SIRADIŞI DURUMLARDA MİZAH GÜCÜ YÜKSELİYOR
Oxford Üniversitesi’nden araştırmacı Gordon Claridge; ‘Psikolojik rahatsızlık yaşayan insanlar daha sıradışı düşünüyorlar' diyor. Ve ekliyor:
'Aynı zamanda manik (taşkın, coşkun) ruh hali bipolar rahatsızlığa (manik depresif bozukluk) sahip olan insanlarda görülür.
Bu insanlar yeni, orijinal ve mizaha dönük bağlantılar kuran formlarda fikirler üretirler.'
MAJÖR DEPRESYON ÇOK SIK GÖRÜLÜYOR
Ulusal Akıl Sağlığı Enstitüsü’nün (NIMH) verilerine göre ABD sınırları dahilinde majör depresyon, en sık görülen mental hastalıklar içinde yer alıyor. Gösteri dünyası içinde bu tip sonuçların oranı istatistiksel olarak az da olsa; 2012’deki istatistiklere göre durum daha ciddi. Enstitünün rakamlarına göre ABD sınırları içinde 16 milyon kişi majör depresyonla mücadele ediyor, bugüne kadar ise 34 bin kişi bu sebeple intihar etti. İnsanlar çoğunlukla depresyonla üzüntüyü birbirine karıştırıyor.

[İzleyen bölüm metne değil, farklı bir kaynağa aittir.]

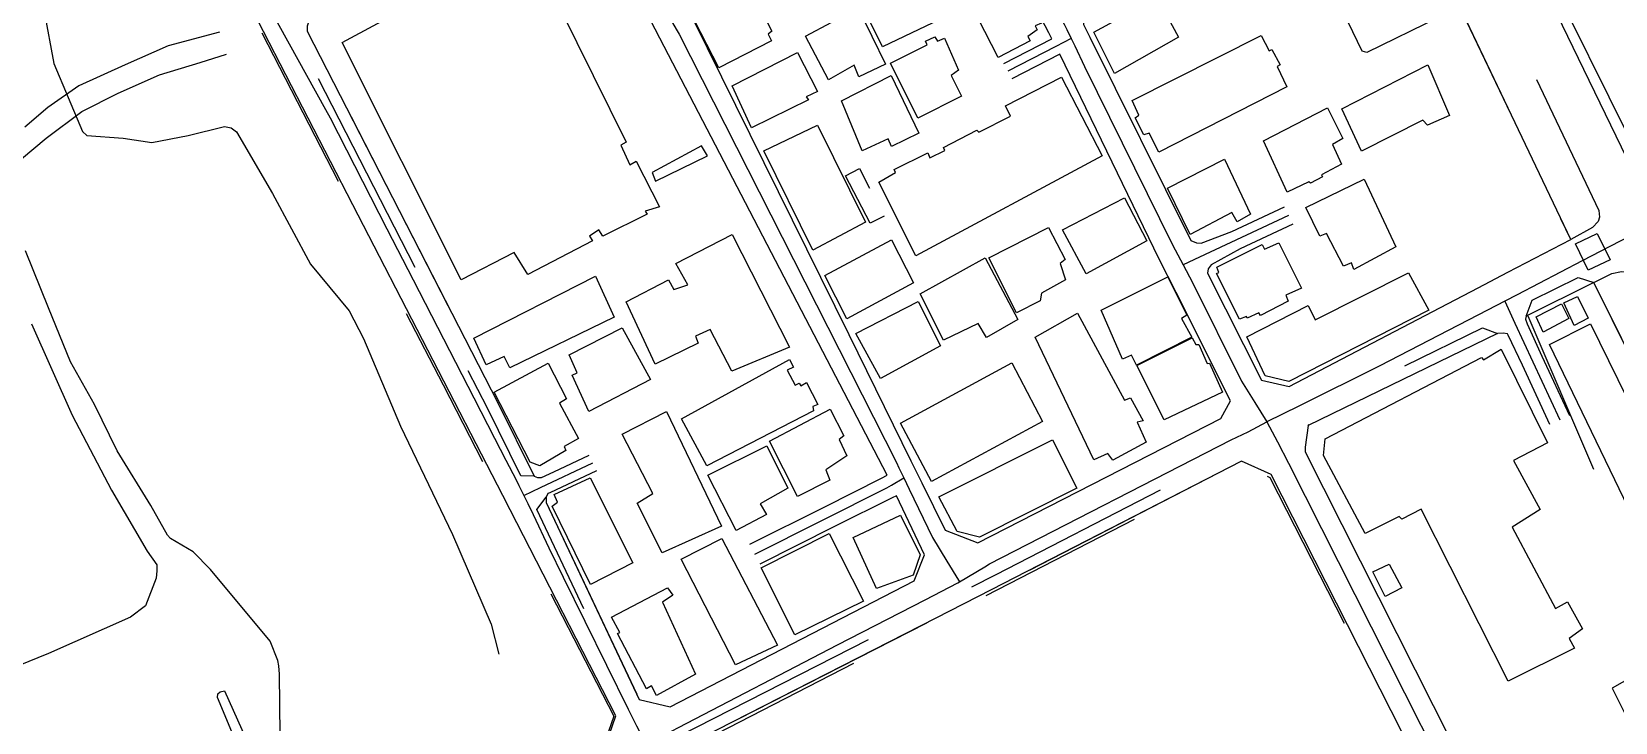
# Model space of a CAD drawing. Header units: millimetres. Extents: x 198785 to 203305, y 542885 to 545889.
# Drawn here: x 198972.1 to 199244.7, y 543429.3 to 543548.2 of the extents above; entities that cross this region are included whole.
import ezdxf

# ---------------------------------------------------------------- set-up
doc = ezdxf.new("R2010")
doc.units = ezdxf.units.MM
for name, pattern in [('FENCE_25K', [54.3, 28.7, -9.2, -16.4]), ('HIDDEN_BULD_25K', [28.8, 18.4, -10.4]), ('HIDDEN_IN_25K', [56.5, 36.5, -20])]:
    doc.linetypes.add(name, pattern=pattern)
for name, color, linetype in [('A0013114', 253, 'Continuous'), ('A0013117', 253, 'Continuous'), ('A0013118', 253, 'Continuous'), ('A0023214', 253, 'Continuous'), ('A0023217', 253, 'Continuous'), ('A0033324', 253, 'Continuous'), ('A0043325', 253, 'Continuous'), ('B0014111', 253, 'Continuous'), ('B0014112', 253, 'Continuous'), ('B0014113', 253, 'Continuous'), ('B0014115', 253, 'Continuous'), ('B0014116', 253, 'Continuous'), ('B0024120', 253, 'Continuous'), ('C0076117', 253, 'Continuous'), ('C0523121', 253, 'Continuous'), ('E0022112', 253, 'Continuous')]:
    doc.layers.add(name, color=color, linetype=linetype)

msp = doc.modelspace()

# ---------------------------------------------------------------- linework, layer by layer
at = {"layer": 'A0013114'}
for points in [[(199237.02, 543512.44), (199178.83, 543634.38)], [(199294.24, 543397.88), (199287.99, 543410.2), (199241.01, 543505.02)]]:
    msp.add_lwpolyline(points, dxfattribs=at)
at = {"layer": 'A0013117'}
for points in [[(199178.83, 543634.38), (199126.52, 543607.22), (199125.24, 543603.87), (199135.11, 543583.49), (199139.32, 543581.13), (199141.58, 543582.1), (199144.76, 543583.8), (199147.17, 543584.81), (199153.49, 543587.76), (199166.42, 543562.64), (199166.97, 543560.56), (199166.2, 543557.92), (199153.72, 543551.71), (199153.27, 543551.44), (199153.06, 543550.39), (199153.07, 543550.24), (199153.16, 543549.42), (199154.24, 543547.25), (199171.63, 543512.25), (199172.59, 543511.84), (199173.38, 543511.77), (199178.69, 543513.81), (199187.75, 543518.05)], [(199025.29, 543405.79), (199027.75, 543404.19), (199071.02, 543425.83), (199072.65, 543430.45), (199054.42, 543465.92), (199053.16, 543468.37), (199027.38, 543518.4), (199011.97, 543548.19), (199009.32, 543553.3), (198978.65, 543612.58)], [(199139.45, 543542.71), (199147.7, 543546.97), (199147.17, 543547.97), (199145.2, 543551.73), (199132.97, 543574.98), (199132.26, 543575.23), (199129.47, 543574.32), (199122.87, 543570.83), (199116.15, 543567.53), (199087, 543552.74), (199086.47, 543552.44), (199085.96, 543550.26), (199112.73, 543496.1), (199123.44, 543474.35), (199125.31, 543470.56), (199129.33, 543462.4), (199134.94, 543460.24), (199176.79, 543481.6), (199178.45, 543484.67), (199169.07, 543503.27), (199166.17, 543509.02), (199149.09, 543544.31), (199140.82, 543540.04)], [(199095.69, 543459.97), (199108.58, 543466.42), (199118.39, 543471.37), (199119.32, 543471.88), (199080.22, 543547.04), (199076.93, 543553.37), (199067.1, 543572.26), (199064.75, 543573.06), (199063.39, 543573.31), (199062.22, 543573.18), (199049.24, 543566.62), (199040.81, 543562.36), (199021.01, 543552.35), (199020.32, 543551.64), (199019.51, 543549.11), (199019.47, 543548.29), (199052.32, 543484.29), (199058.56, 543471.71), (199059.13, 543471.46), (199059.84, 543471.45), (199061.94, 543472.46), (199068.02, 543475.32)], [(199189.15, 543515.06), (199180.09, 543510.82), (199175.11, 543508.04), (199174.6, 543507.37), (199174.48, 543506.65), (199183.78, 543488.24), (199188.55, 543487.15), (199221.07, 543504.12), (199226.19, 543506.79), (199237.02, 543512.44)], [(199241.01, 543505.02), (199229.36, 543499.23), (199229.21, 543498.73), (199229.53, 543497.89), (199232.05, 543492.36), (199236.79, 543482.14)], [(199233.43, 543480.58), (199228.69, 543490.8), (199226.26, 543495.95), (199226.1, 543496.16), (199225.37, 543496.29), (199224.39, 543496.24), (199191.82, 543480.4), (199191.28, 543476.69), (199191.32, 543475.9), (199232.28, 543394.74), (199241.59, 543375.24), (199247.02, 543373.75), (199294.24, 543397.88)], [(199069.3, 543472.6), (199061.24, 543468.82), (199060.93, 543468.7), (199060.62, 543468.1), (199060.66, 543467.16), (199076.67, 543433.29), (199082.01, 543431.99), (199123.97, 543453.69), (199125.79, 543458.17), (199120.96, 543468.29), (199120.22, 543467.96), (199110.28, 543463.02), (199097.4, 543456.57)], [(199180.32, 543474.28), (199137.27, 543452.12), (199127.74, 543447.26), (199084.67, 543425.31)], [(199235.75, 543372.6), (199206.13, 543431.31), (199185.47, 543471.97), (199180.32, 543474.28)]]:
    msp.add_lwpolyline(points, dxfattribs=at)
at = {"layer": 'A0013118'}
for points in [[(199004.39, 543548.11), (198995.58, 543545.72), (198988.16, 543542.5), (198980.2, 543538.85), (198974.83, 543535.14), (198970.9, 543531.74)], [(198970.3, 543526.3), (198974.55, 543529.87), (198980.72, 543534.46), (198986.94, 543537.59), (198994.05, 543540.74), (199001.05, 543542.89), (199005.63, 543544.33)], [(199014.86, 543427.16), (199014.72, 543437.65), (199014.6, 543439.05), (199014.43, 543439.98), (199013.1, 543443.28), (199002.86, 543455.63), (198999.84, 543458.67), (198995.99, 543460.94), (198995.42, 543461.57), (198992.56, 543466.65), (198986.78, 543476.06), (198982.89, 543484.01), (198978.75, 543491.39), (198974.94, 543500.66), (198971.01, 543510.45)], [(198972.04, 543497.92), (198979.06, 543482.2), (198985.81, 543469.3), (198991.94, 543458.79), (198993.59, 543456.46), (198993.61, 543455.41), (198993.48, 543454.14), (198991.68, 543449.41), (198989.07, 543447.41), (198974.97, 543441.2), (198956.15, 543433.55)], [(199016.62, 543403.47), (199004.07, 543433.58), (199004.14, 543434.22), (199004.49, 543434.58), (199005.28, 543434.77), (199010.48, 543423.1)]]:
    msp.add_lwpolyline(points, dxfattribs=at)
at = {"layer": 'A0023214'}
msp.add_lwpolyline([(199157.37, 543710.18), (199160.83, 543703.45), (199164.59, 543696.15), (199176.41, 543672.27), (199188.92, 543645.63), (199190, 543643.31), (199191.03, 543641.13), (199192.25, 543638.53), (199250.28, 543518.92), (199251.95, 543515.47), (199253.62, 543512.03), (199254.62, 543509.96), (199280.57, 543458.65), (199307.33, 543404.64), (199308.83, 543401.61), (199310.33, 543398.6), (199370.59, 543277.57), (199371.7, 543275.2), (199372.89, 543272.63)], dxfattribs=at)
at = {"layer": 'A0023217'}
for points in [[(199013.06, 543552.06), (199014.6, 543549.28), (199022.63, 543534.79), (199023.43, 543533.34), (199033.22, 543514.26), (199037.74, 543505.46), (199048.18, 543485.2), (199051.77, 543478.24), (199053.72, 543474.43), (199055.46, 543471.06), (199055.94, 543470.09), (199056.79, 543468.38)], [(199081.1, 543551.87), (199083.03, 543548.61), (199083.54, 543547.77), (199120.92, 543474.03), (199121.36, 543473.11), (199122.19, 543471.38)], [(199148.96, 543551.13), (199149.8, 543549.46), (199150.27, 543548.53), (199151.04, 543547)], [(199151.04, 543547), (199148.39, 543545.64), (199140.14, 543541.38)], [(199151.04, 543547), (199151.63, 543545.76), (199153.32, 543542.18), (199168.41, 543511.64), (199168.93, 543510.65), (199170.3, 543508.05)], [(199313.85, 543547.11), (199308.79, 543544.43), (199308.19, 543544.11), (199287.58, 543533.78), (199266.76, 543523.16), (199265.2, 543522.35), (199251.95, 543515.47), (199239.01, 543508.74), (199227.81, 543502.92), (199225.66, 543501.81)], [(199188.45, 543516.56), (199173.1, 543509.37), (199170.3, 543508.05)], [(199170.3, 543508.05), (199171.89, 543505.03), (199180.33, 543488.03), (199182.64, 543484.36), (199184.72, 543481.04)], [(199225.66, 543501.81), (199222.69, 543500.27), (199204.15, 543490.67), (199190.2, 543483.75), (199184.72, 543481.04)], [(199225.66, 543501.81), (199227.38, 543498.04), (199235.11, 543481.36)], [(199131.78, 543453.52), (199136.13, 543456.12), (199136.97, 543456.62), (199178.55, 543477.94), (199181.48, 543479.32), (199184.72, 543481.04)], [(199184.72, 543481.04), (199186.51, 543477.58), (199188.4, 543473.94), (199234.02, 543383.67), (199238.5, 543374.28), (199240.84, 543370.69), (199242.91, 543367.51)], [(199056.79, 543468.38), (199059.68, 543469.74), (199068.66, 543473.96)], [(199096.54, 543458.27), (199119.3, 543469.67), (199120.11, 543470.15), (199122.19, 543471.38)], [(199122.19, 543471.38), (199123.13, 543469.43), (199127.14, 543461.16), (199129.63, 543457.07), (199131.63, 543453.77), (199131.78, 543453.52)], [(199056.79, 543468.38), (199057.47, 543466.99), (199058.42, 543465.08), (199061.11, 543459.36), (199063.58, 543454.33), (199074.75, 543431.59), (199076.18, 543428.72), (199077.6, 543425.91), (199077.8, 543425.49)], [(199077.8, 543425.49), (199077.94, 543425.56), (199083.44, 543428.42), (199110.8, 543442.65), (199125.87, 543450.44), (199131.49, 543453.35), (199131.78, 543453.52)]]:
    msp.add_lwpolyline(points, dxfattribs=at)
at = {"layer": 'A0033324', "linetype": 'HIDDEN_IN_25K', "flags": 128}
for points in [[(199178.83, 543634.38), (199181.71, 543635.84), (199183.27, 543636.11), (199184.68, 543635.93), (199185.58, 543635.31), (199241.87, 543517.38), (199241.97, 543516.26), (199241.74, 543515.53), (199240.74, 543514.5), (199237.02, 543512.44), (199178.83, 543634.38)], [(199052.32, 543484.29), (199058.56, 543471.71), (199056.29, 543471.77), (199050.53, 543483.39), (199017.45, 543547.85), (199017.52, 543549.47), (199018.56, 543552.7), (199019.8, 543553.98), (199061.13, 543574.87), (199063.39, 543573.31), (199062.22, 543573.18), (199021.01, 543552.35), (199020.32, 543551.64), (199019.51, 543549.11), (199019.47, 543548.29), (199052.32, 543484.29)], [(199241.01, 543505.02), (199229.36, 543499.23), (199230.38, 543501.97), (199238.27, 543505.89), (199241.01, 543505.02)], [(199241.01, 543505.02), (199244.11, 543506.56), (199245.74, 543506.91), (199246.47, 543506.88), (199247.18, 543506.61), (199247.84, 543505.86), (199293.8, 543413.11), (199298.05, 543404.73), (199298.52, 543403.2), (199298.66, 543401.92), (199298.42, 543400.63), (199297.24, 543399.49), (199294.24, 543397.88), (199287.99, 543410.2), (199241.01, 543505.02)], [(199224.39, 543496.24), (199191.82, 543480.4), (199192.74, 543483.08), (199221.81, 543497.21), (199224.39, 543496.24)], [(199020.5, 543392.92), (198977.46, 543370.67), (198978.14, 543373.28), (199019.61, 543394.71), (199030.56, 543399.96), (199138.09, 543454.78), (199177.79, 543475.23), (199180.32, 543474.28), (199139, 543453), (199031.44, 543398.17), (199020.5, 543392.92)], [(199060.66, 543467.16), (199076.65, 543433.34), (199074.18, 543433.88), (199059.03, 543465.93), (199060.62, 543468.1), (199060.66, 543467.16)]]:
    msp.add_lwpolyline(points, dxfattribs=at)
at = {"layer": 'A0043325'}
msp.add_lwpolyline([(199243.82, 543508.92), (199240, 543507.13), (199237.84, 543511.65), (199241.55, 543513.46), (199243.82, 543508.92)], dxfattribs=at)
at = {"layer": 'B0014111'}
for points in [[(199200.75, 543579.77), (199214.67, 543551.4), (199214.35, 543550.69), (199201.91, 543544.6), (199201.09, 543544.83), (199190.62, 543566.6), (199182.24, 543562.59), (199178.96, 543569.43), (199199.68, 543579.78), (199200.75, 543579.77)], [(199073.47, 543528.64), (199075.02, 543525.26), (199076.13, 543525.91), (199080.17, 543518.02), (199077.67, 543517.27), (199078, 543516.8), (199070.38, 543512.98), (199069.73, 543514.11), (199068.08, 543512.97), (199068.59, 543512.2), (199057.47, 543506.41), (199055.13, 543510.18), (199045.99, 543505.48), (199025.5, 543546.3), (199057.4, 543563.53), (199074.42, 543529.19), (199073.47, 543528.64)], [(199099.42, 543546.61), (199090.38, 543541.98), (199086.25, 543550), (199086.78, 543551.86), (199095.6, 543555.87), (199099.51, 543548.24), (199098.84, 543547.73), (199099.42, 543546.61)], [(199216.12, 543533.76), (199212.37, 543532.12), (199211.54, 543532.95), (199200.99, 543527.61), (199197.6, 543534.92), (199212.39, 543542.46), (199216.12, 543533.76)], [(199124.77, 543530.73), (199120.06, 543528.45), (199119.51, 543529.76), (199115.03, 543527.65), (199111.48, 543536.29), (199120.01, 543540.63), (199124.77, 543530.73)], [(199115.59, 543515.4), (199106.54, 543510.61), (199098.1, 543527.69), (199107.35, 543532.1), (199115.59, 543515.4)], [(199177.41, 543526.23), (199181.9, 543516.75), (199179.59, 543515.43), (199178.67, 543517.07), (199171.51, 543513.28), (199167.6, 543521.28), (199177.41, 543526.23)], [(199164.04, 543512.2), (199153.59, 543506.52), (199149.5, 543514.09), (199160.19, 543519.61), (199164.04, 543512.2)], [(199145.69, 543501.87), (199141.61, 543499.81), (199136.85, 543509.29), (199147.1, 543514.47), (199149.97, 543508.95), (199149.1, 543508.26), (199150.01, 543505.49), (199145.89, 543503.19), (199145.69, 543501.87)], [(199186.75, 543511.86), (199190.69, 543504.03), (199187.98, 543502.84), (199188.38, 543501.81), (199183.6, 543499.32), (199183.33, 543499.79), (199181.31, 543498.89), (199181.17, 543499.17), (199180, 543498.69), (199176.01, 543506.57), (199176.46, 543506.73), (199176.09, 543507.67), (199183.88, 543511.56), (199184.32, 543510.78), (199186.75, 543511.86)], [(199141.81, 543498.67), (199136.42, 543495.57), (199134.99, 543497.94), (199129.04, 543495.09), (199125.02, 543503.05), (199136.22, 543509.27), (199141.81, 543498.67)], [(199072.37, 543499.07), (199054.38, 543490.36), (199053.39, 543492.26), (199050.28, 543490.83), (199048.19, 543495.44), (199069.15, 543506.12), (199072.37, 543499.07)], [(199171.79, 543495.59), (199162.28, 543490.82), (199161.42, 543492.53), (199159.83, 543491.85), (199156.19, 543500.24), (199167.66, 543506), (199170.94, 543499.41), (199170.02, 543498.83), (199171.79, 543495.59)], [(199212.59, 543500.27), (199188.46, 543487.98), (199184.4, 543488.96), (199181.23, 543495.69), (199191.82, 543501.05), (199193, 543498.59), (199209.11, 543506.66), (199212.59, 543500.27)], [(199152.12, 543499.74), (199160.22, 543484.79), (199161.21, 543485.18), (199163.4, 543481.19), (199162.39, 543480.96), (199163.92, 543477.56), (199158.17, 543474.46), (199157.33, 543475.57), (199154.92, 543474.51), (199144.79, 543495.59), (199152.12, 543499.74)], [(199263.81, 543450.24), (199256.59, 543446.2), (199233.37, 543494.34), (199240.42, 543497.9), (199263.81, 543450.24)], [(199172.99, 543494.34), (199174.42, 543491.06), (199174.8, 543491.11), (199177.05, 543486.16), (199167.02, 543481.38), (199162.33, 543490.73), (199171.84, 543495.5), (199172.47, 543494.35), (199172.99, 543494.34)], [(199102.12, 543489.92), (199103.5, 543487.36), (199104.21, 543487.69), (199104.47, 543487.26), (199105.43, 543487.79), (199107.39, 543484.03), (199106.56, 543483.66), (199106.66, 543482.92), (199088.27, 543473.46), (199083.95, 543481.56), (199102.52, 543491.78), (199103.2, 543490.45), (199102.12, 543489.92)], [(199064, 543476.13), (199059.57, 543473.5), (199057.86, 543474.11), (199051.66, 543486.12), (199060.97, 543491.14), (199064.12, 543485), (199062.93, 543484.23), (199066.18, 543478.19), (199063.74, 543476.81), (199064, 543476.13)], [(199109.49, 543471.01), (199103.9, 543468.2), (199099.09, 543477.73), (199109.54, 543483.24), (199111.9, 543478.65), (199111.09, 543478.02), (199112.4, 543475.18), (199108.8, 543472.79), (199109.49, 543471.01)], [(199075.55, 543456.8), (199068.25, 543453.04), (199061.64, 543466.54), (199062.57, 543467.2), (199062.04, 543468.54), (199068.23, 543471.39), (199075.55, 543456.8)], [(199123.8, 543454.65), (199117.5, 543452.36), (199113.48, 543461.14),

Forbes’un bu konudaki araştırmasında da çarpıcı sonuçlar mevcut.
DEPRESYON HAKKINDA YANLIŞ BİLDİĞİMİZ 5 ŞEY
Robin Williams’la röportaj yapan pek çok kişinin söylediği ilk söz, ‘onu hiç mutsuz görmedik, depresyonda olduğunu hiç sanmıyorduk’. NIMH’in verilerine göre depresyon içinde olan insanlar genellikle aşırı bir üzüntü içinde bulunabiliyor ancak bazıları da belirgin bir duygu durumu içinde bulunmuyor. Bu duygunun tam tanımı; ‘boşluk ve duygusuzluk’. Ortada hiçbir neden yokken bir insanın anksiyete geçirmesi de depresyonla ilişkilendiriliyor.
Kimseyi MS ya da kalp hastalığı olduğu için zayıflıkla suçlayamayacağımıza göre depresyonu bir hastalık olarak değerlendirmek ve bu nedenle de kimseyi (kendimizi dahil) suçlamamak gerekiyor. Biyolojik, psikolojik ve sosyal boyutları ve sonuçları olan depresyonun anlaşılmama sebebi, kendini ‘güçlü’ olarak tanımlayan insanların bunu ciddi bir tehdit olarak görmemesinden kaynaklanıyor. Oysa depresyon hastalığı, beynin kimyasını ve sinir sistemini etkiliyor ve hasar bırakıyor.
Çok sevilen birinin kaybedilmesi veya boşanmak her zaman yüzeye çıkan bir duyguyla tepkiye dönüşmeyebilir. Genellikle bu tip büyük değişiklikler sonrasında umutsuzluk, boşluk, uyuklama/uyuşukluk gibi belirtiler o an ortaya çıkmayabilir. Daha sonra çıkabilir. Bu periyodlar, hayatın pozitif evrelerinde dahi yaşanabilir.
Pek çok belirti doğal olarak kafamızda belirebilir: karanlık duygular gibi. Ancak sonuçlar vücudunuzun çeşitli yerlerinde oluşabilir. Yaygın olarak görülen depresyon belirtileri arasında zor nefes alma, çeneyi kitlenmesi, mide bozukluğu, çabuk yorulmak ve kas ağrıları var.
İnsanlar medya ve reklamların da etkisiyle ilaç kullanımı konusunda daha çekimser. Pek çok insan antidepresan kullanmaktan korkuyor ve ilaçları asla bırakamayacağına dair endişeleniyor. Aslında gerçekler öyle değil. Antidepresanın etkisi kişiye göre değişiyor ve yüzde 40 oranında davranışı etkilemiyor. ‘Kavramsal Davranışçı Terapi’ (CBT) adı verilen bir terapi ve meditasyon yöntemi de psikoterapinin önemli bir ayağı. Pek çok örnekte depresyondaki insanların bu tip terapi yöntemleriyle ilaç tedavisinden daha iyi sonuçlar aldığı kanıtlandı.